Among the entries below, please repeat exactly and only the lines from the line containing "#85=CARTESIAN_POINT('',(13.6,1920.,20.));" to the line containing "#93=DIRECTION('',(0.,-1.,0.));", both lines included.

----------------

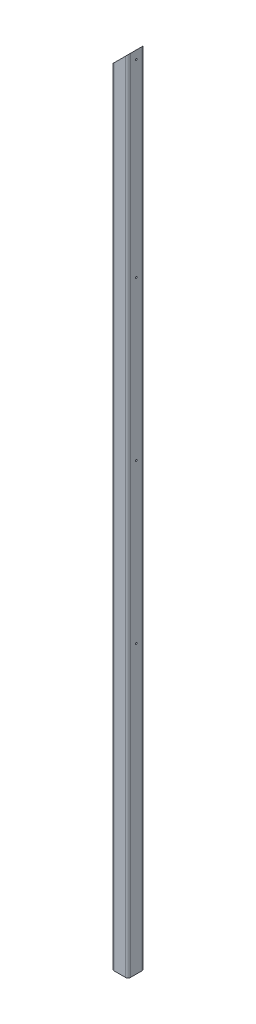
ISO-10303-21;
HEADER;
FILE_DESCRIPTION(('STEP AP214'),'2;1');
FILE_NAME('part.step','',(''),(''),'','','');
FILE_SCHEMA(('AUTOMOTIVE_DESIGN { 1 0 10303 214 1 1 1 1 }'));
ENDSEC;
DATA;
#1=APPLICATION_CONTEXT('core data for automotive mechanical design processes');
#2=APPLICATION_PROTOCOL_DEFINITION('international standard','automotive_design',2000,#1);
#3=PRODUCT_CONTEXT('',#1,'mechanical');
#4=PRODUCT('Part','Part','',(#3));
#5=PRODUCT_RELATED_PRODUCT_CATEGORY('part','',(#4));
#6=PRODUCT_DEFINITION_FORMATION('','',#4);
#7=PRODUCT_DEFINITION_CONTEXT('part definition',#1,'design');
#8=PRODUCT_DEFINITION('design','',#6,#7);
#9=PRODUCT_DEFINITION_SHAPE('','',#8);
#10=(LENGTH_UNIT() NAMED_UNIT(*) SI_UNIT(.MILLI.,.METRE.));
#11=(NAMED_UNIT(*) PLANE_ANGLE_UNIT() SI_UNIT($,.RADIAN.));
#12=(NAMED_UNIT(*) SI_UNIT($,.STERADIAN.) SOLID_ANGLE_UNIT());
#13=UNCERTAINTY_MEASURE_WITH_UNIT(LENGTH_MEASURE(1.E-05),#10,'distance_accuracy_value','');
#14=(GEOMETRIC_REPRESENTATION_CONTEXT(3) GLOBAL_UNCERTAINTY_ASSIGNED_CONTEXT((#13)) GLOBAL_UNIT_ASSIGNED_CONTEXT((#10,
#11,#12)) REPRESENTATION_CONTEXT('',''));
#15=CARTESIAN_POINT('',(0.,0.,0.));
#16=DIRECTION('',(0.,0.,1.));
#17=DIRECTION('',(1.,0.,0.));
#18=AXIS2_PLACEMENT_3D('',#15,#16,#17);
#19=CARTESIAN_POINT('',(-13.6,1920.,13.6));
#20=DIRECTION('',(0.,-1.,0.));
#21=DIRECTION('',(0.,0.,-1.));
#22=AXIS2_PLACEMENT_3D('',#19,#20,#21);
#23=CYLINDRICAL_SURFACE('',#22,6.4);
#24=CARTESIAN_POINT('',(-13.6,1886.4,13.6));
#25=DIRECTION('',(-0.707106781186548,0.707106781186547,0.));
#26=DIRECTION('',(-0.707106781186547,-0.707106781186548,0.));
#27=AXIS2_PLACEMENT_3D('',#24,#25,#26);
#28=ELLIPSE('',#27,9.05096679918782,6.4);
#29=CARTESIAN_POINT('',(-20.,1880.,13.6));
#30=VERTEX_POINT('',#29);
#31=CARTESIAN_POINT('',(-13.5999999999999,1886.4,20.));
#32=VERTEX_POINT('',#31);
#33=EDGE_CURVE('E245',#30,#32,#28,.T.);
#34=ORIENTED_EDGE('',*,*,#33,.F.);
#35=DIRECTION('',(0.,-1.,0.));
#36=VECTOR('',#35,1.);
#37=CARTESIAN_POINT('',(-20.,1920.,13.6));
#38=LINE('',#37,#36);
#39=CARTESIAN_POINT('',(-20.,0.,13.6));
#40=VERTEX_POINT('',#39);
#41=EDGE_CURVE('E161',#30,#40,#38,.T.);
#42=ORIENTED_EDGE('',*,*,#41,.T.);
#43=CARTESIAN_POINT('',(-13.6,0.,13.6));
#44=DIRECTION('',(0.,1.,0.));
#45=DIRECTION('',(0.,0.,1.));
#46=AXIS2_PLACEMENT_3D('',#43,#44,#45);
#47=CIRCLE('',#46,6.4);
#48=CARTESIAN_POINT('',(-13.6,0.,20.));
#49=VERTEX_POINT('',#48);
#50=EDGE_CURVE('E176',#40,#49,#47,.T.);
#51=ORIENTED_EDGE('',*,*,#50,.T.);
#52=DIRECTION('',(0.,-1.,0.));
#53=VECTOR('',#52,1.);
#54=CARTESIAN_POINT('',(-13.6,1920.,20.));
#55=LINE('',#54,#53);
#56=EDGE_CURVE('E12',#32,#49,#55,.T.);
#57=ORIENTED_EDGE('',*,*,#56,.F.);
#58=EDGE_LOOP('',(#34,#42,#51,#57));
#59=FACE_BOUND('',#58,.T.);
#60=ADVANCED_FACE('F66',(#59),#23,.T.);
#61=CARTESIAN_POINT('',(-13.6,1920.,20.));
#62=DIRECTION('',(0.,0.,-1.));
#63=DIRECTION('',(-1.,0.,0.));
#64=AXIS2_PLACEMENT_3D('',#61,#62,#63);
#65=PLANE('',#64);
#66=DIRECTION('',(0.707106781186547,0.707106781186548,0.));
#67=VECTOR('',#66,1.);
#68=CARTESIAN_POINT('',(-950.,950.,20.));
#69=LINE('',#68,#67);
#70=CARTESIAN_POINT('',(13.6,1913.6,20.));
#71=VERTEX_POINT('',#70);
#72=EDGE_CURVE('E350',#32,#71,#69,.T.);
#73=ORIENTED_EDGE('',*,*,#72,.F.);
#74=ORIENTED_EDGE('',*,*,#56,.T.);
#75=DIRECTION('',(1.,0.,0.));
#76=VECTOR('',#75,1.);
#77=CARTESIAN_POINT('',(-13.6,0.,20.));
#78=LINE('',#77,#76);
#79=CARTESIAN_POINT('',(13.6,0.,20.));
#80=VERTEX_POINT('',#79);
#81=EDGE_CURVE('E274',#49,#80,#78,.T.);
#82=ORIENTED_EDGE('',*,*,#81,.T.);
#83=DIRECTION('',(0.,-1.,0.));
#84=VECTOR('',#83,1.);
#85=CARTESIAN_POINT('',(13.6,1920.,20.));
#86=LINE('',#85,#84);
#87=EDGE_CURVE('E76',#71,#80,#86,.T.);
#88=ORIENTED_EDGE('',*,*,#87,.F.);
#89=EDGE_LOOP('',(#73,#74,#82,#88));
#90=FACE_BOUND('',#89,.T.);
#91=ADVANCED_FACE('F356',(#90),#65,.F.);
#92=CARTESIAN_POINT('',(13.6,1920.,13.6));
#93=DIRECTION('',(0.,-1.,0.));
#94=DIRECTION('',(0.,0.,-1.));
#95=AXIS2_PLACEMENT_3D('',#92,#93,#94);
#96=CYLINDRICAL_SURFACE('',#95,6.4);
#97=CARTESIAN_POINT('',(13.6,1913.6,13.6));
#98=DIRECTION('',(-0.707106781186548,0.707106781186547,0.));
#99=DIRECTION('',(-0.707106781186547,-0.707106781186548,0.));
#100=AXIS2_PLACEMENT_3D('',#97,#98,#99);
#101=ELLIPSE('',#100,9.05096679918782,6.4);
#102=CARTESIAN_POINT('',(20.,1920.,13.6));
#103=VERTEX_POINT('',#102);
#104=EDGE_CURVE('E93',#71,#103,#101,.T.);
#105=ORIENTED_EDGE('',*,*,#104,.F.);
#106=ORIENTED_EDGE('',*,*,#87,.T.);
#107=CARTESIAN_POINT('',(13.6,0.,13.6));
#108=DIRECTION('',(0.,1.,0.));
#109=DIRECTION('',(0.,0.,1.));
#110=AXIS2_PLACEMENT_3D('',#107,#108,#109);
#111=CIRCLE('',#110,6.4);
#112=CARTESIAN_POINT('',(20.,0.,13.6));
#113=VERTEX_POINT('',#112);
#114=EDGE_CURVE('E278',#80,#113,#111,.T.);
#115=ORIENTED_EDGE('',*,*,#114,.T.);
#116=DIRECTION('',(0.,-1.,0.));
#117=VECTOR('',#116,1.);
#118=CARTESIAN_POINT('',(20.,1920.,13.6));
#119=LINE('',#118,#117);
#120=EDGE_CURVE('E196',#103,#113,#119,.T.);
#121=ORIENTED_EDGE('',*,*,#120,.F.);
#122=EDGE_LOOP('',(#105,#106,#115,#121));
#123=FACE_BOUND('',#122,.T.);
#124=ADVANCED_FACE('F424',(#123),#96,.T.);
#125=CARTESIAN_POINT('',(13.6,1920.,-13.6));
#126=DIRECTION('',(0.,-1.,0.));
#127=DIRECTION('',(0.,0.,-1.));
#128=AXIS2_PLACEMENT_3D('',#125,#126,#127);
#129=CYLINDRICAL_SURFACE('',#128,6.4);
#130=CARTESIAN_POINT('',(13.6,1913.6,-13.6));
#131=DIRECTION('',(-0.707106781186548,0.707106781186547,0.));
#132=DIRECTION('',(-0.707106781186547,-0.707106781186548,0.));
#133=AXIS2_PLACEMENT_3D('',#130,#131,#132);
#134=ELLIPSE('',#133,9.05096679918781,6.4);
#135=CARTESIAN_POINT('',(20.,1920.,-13.6));
#136=VERTEX_POINT('',#135);
#137=CARTESIAN_POINT('',(13.6000000000003,1913.6,-20.));
#138=VERTEX_POINT('',#137);
#139=EDGE_CURVE('E303',#136,#138,#134,.T.);
#140=ORIENTED_EDGE('',*,*,#139,.F.);
#141=DIRECTION('',(0.,-1.,0.));
#142=VECTOR('',#141,1.);
#143=CARTESIAN_POINT('',(20.,1920.,-13.6));
#144=LINE('',#143,#142);
#145=CARTESIAN_POINT('',(20.,0.,-13.6));
#146=VERTEX_POINT('',#145);
#147=EDGE_CURVE('E192',#136,#146,#144,.T.);
#148=ORIENTED_EDGE('',*,*,#147,.T.);
#149=CARTESIAN_POINT('',(13.6,0.,-13.6));
#150=DIRECTION('',(0.,1.,0.));
#151=DIRECTION('',(0.,0.,1.));
#152=AXIS2_PLACEMENT_3D('',#149,#150,#151);
#153=CIRCLE('',#152,6.4);
#154=CARTESIAN_POINT('',(13.6,0.,-20.));
#155=VERTEX_POINT('',#154);
#156=EDGE_CURVE('E284',#146,#155,#153,.T.);
#157=ORIENTED_EDGE('',*,*,#156,.T.);
#158=DIRECTION('',(0.,-1.,0.));
#159=VECTOR('',#158,1.);
#160=CARTESIAN_POINT('',(13.6,1920.,-20.));
#161=LINE('',#160,#159);
#162=EDGE_CURVE('E189',#138,#155,#161,.T.);
#163=ORIENTED_EDGE('',*,*,#162,.F.);
#164=EDGE_LOOP('',(#140,#148,#157,#163));
#165=FACE_BOUND('',#164,.T.);
#166=ADVANCED_FACE('F298',(#165),#129,.T.);
#167=CARTESIAN_POINT('',(13.6,1920.,-20.));
#168=DIRECTION('',(0.,0.,1.));
#169=DIRECTION('',(1.,0.,0.));
#170=AXIS2_PLACEMENT_3D('',#167,#168,#169);
#171=PLANE('',#170);
#172=CARTESIAN_POINT('',(0.,687.,-20.));
#173=DIRECTION('',(0.,0.,-1.));
#174=DIRECTION('',(-1.,0.,0.));
#175=AXIS2_PLACEMENT_3D('',#172,#173,#174);
#176=CIRCLE('',#175,2.);
#177=CARTESIAN_POINT('',(-2.,687.,-20.));
#178=VERTEX_POINT('',#177);
#179=EDGE_CURVE('E490',#178,#178,#176,.T.);
#180=ORIENTED_EDGE('',*,*,#179,.F.);
#181=EDGE_LOOP('',(#180));
#182=FACE_BOUND('',#181,.T.);
#183=DIRECTION('',(0.707106781186547,0.707106781186548,0.));
#184=VECTOR('',#183,1.);
#185=CARTESIAN_POINT('',(-950.,950.,-20.));
#186=LINE('',#185,#184);
#187=CARTESIAN_POINT('',(-13.6,1886.4,-20.));
#188=VERTEX_POINT('',#187);
#189=EDGE_CURVE('E358',#188,#138,#186,.T.);
#190=ORIENTED_EDGE('',*,*,#189,.T.);
#191=ORIENTED_EDGE('',*,*,#162,.T.);
#192=DIRECTION('',(-1.,0.,0.));
#193=VECTOR('',#192,1.);
#194=CARTESIAN_POINT('',(13.6,0.,-20.));
#195=LINE('',#194,#193);
#196=CARTESIAN_POINT('',(-13.6,0.,-20.));
#197=VERTEX_POINT('',#196);
#198=EDGE_CURVE('E171',#155,#197,#195,.T.);
#199=ORIENTED_EDGE('',*,*,#198,.T.);
#200=DIRECTION('',(0.,-1.,0.));
#201=VECTOR('',#200,1.);
#202=CARTESIAN_POINT('',(-13.6,1920.,-20.));
#203=LINE('',#202,#201);
#204=EDGE_CURVE('E160',#188,#197,#203,.T.);
#205=ORIENTED_EDGE('',*,*,#204,.F.);
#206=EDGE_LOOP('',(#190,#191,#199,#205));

----------------

» **Answer to the exercise**
#85=CARTESIAN_POINT('',(13.6,1920.,20.));
#86=LINE('',#85,#84);
#87=EDGE_CURVE('E76',#71,#80,#86,.T.);
#88=ORIENTED_EDGE('',*,*,#87,.F.);
#89=EDGE_LOOP('',(#73,#74,#82,#88));
#90=FACE_BOUND('',#89,.T.);
#91=ADVANCED_FACE('F356',(#90),#65,.F.);
#92=CARTESIAN_POINT('',(13.6,1920.,13.6));
#93=DIRECTION('',(0.,-1.,0.));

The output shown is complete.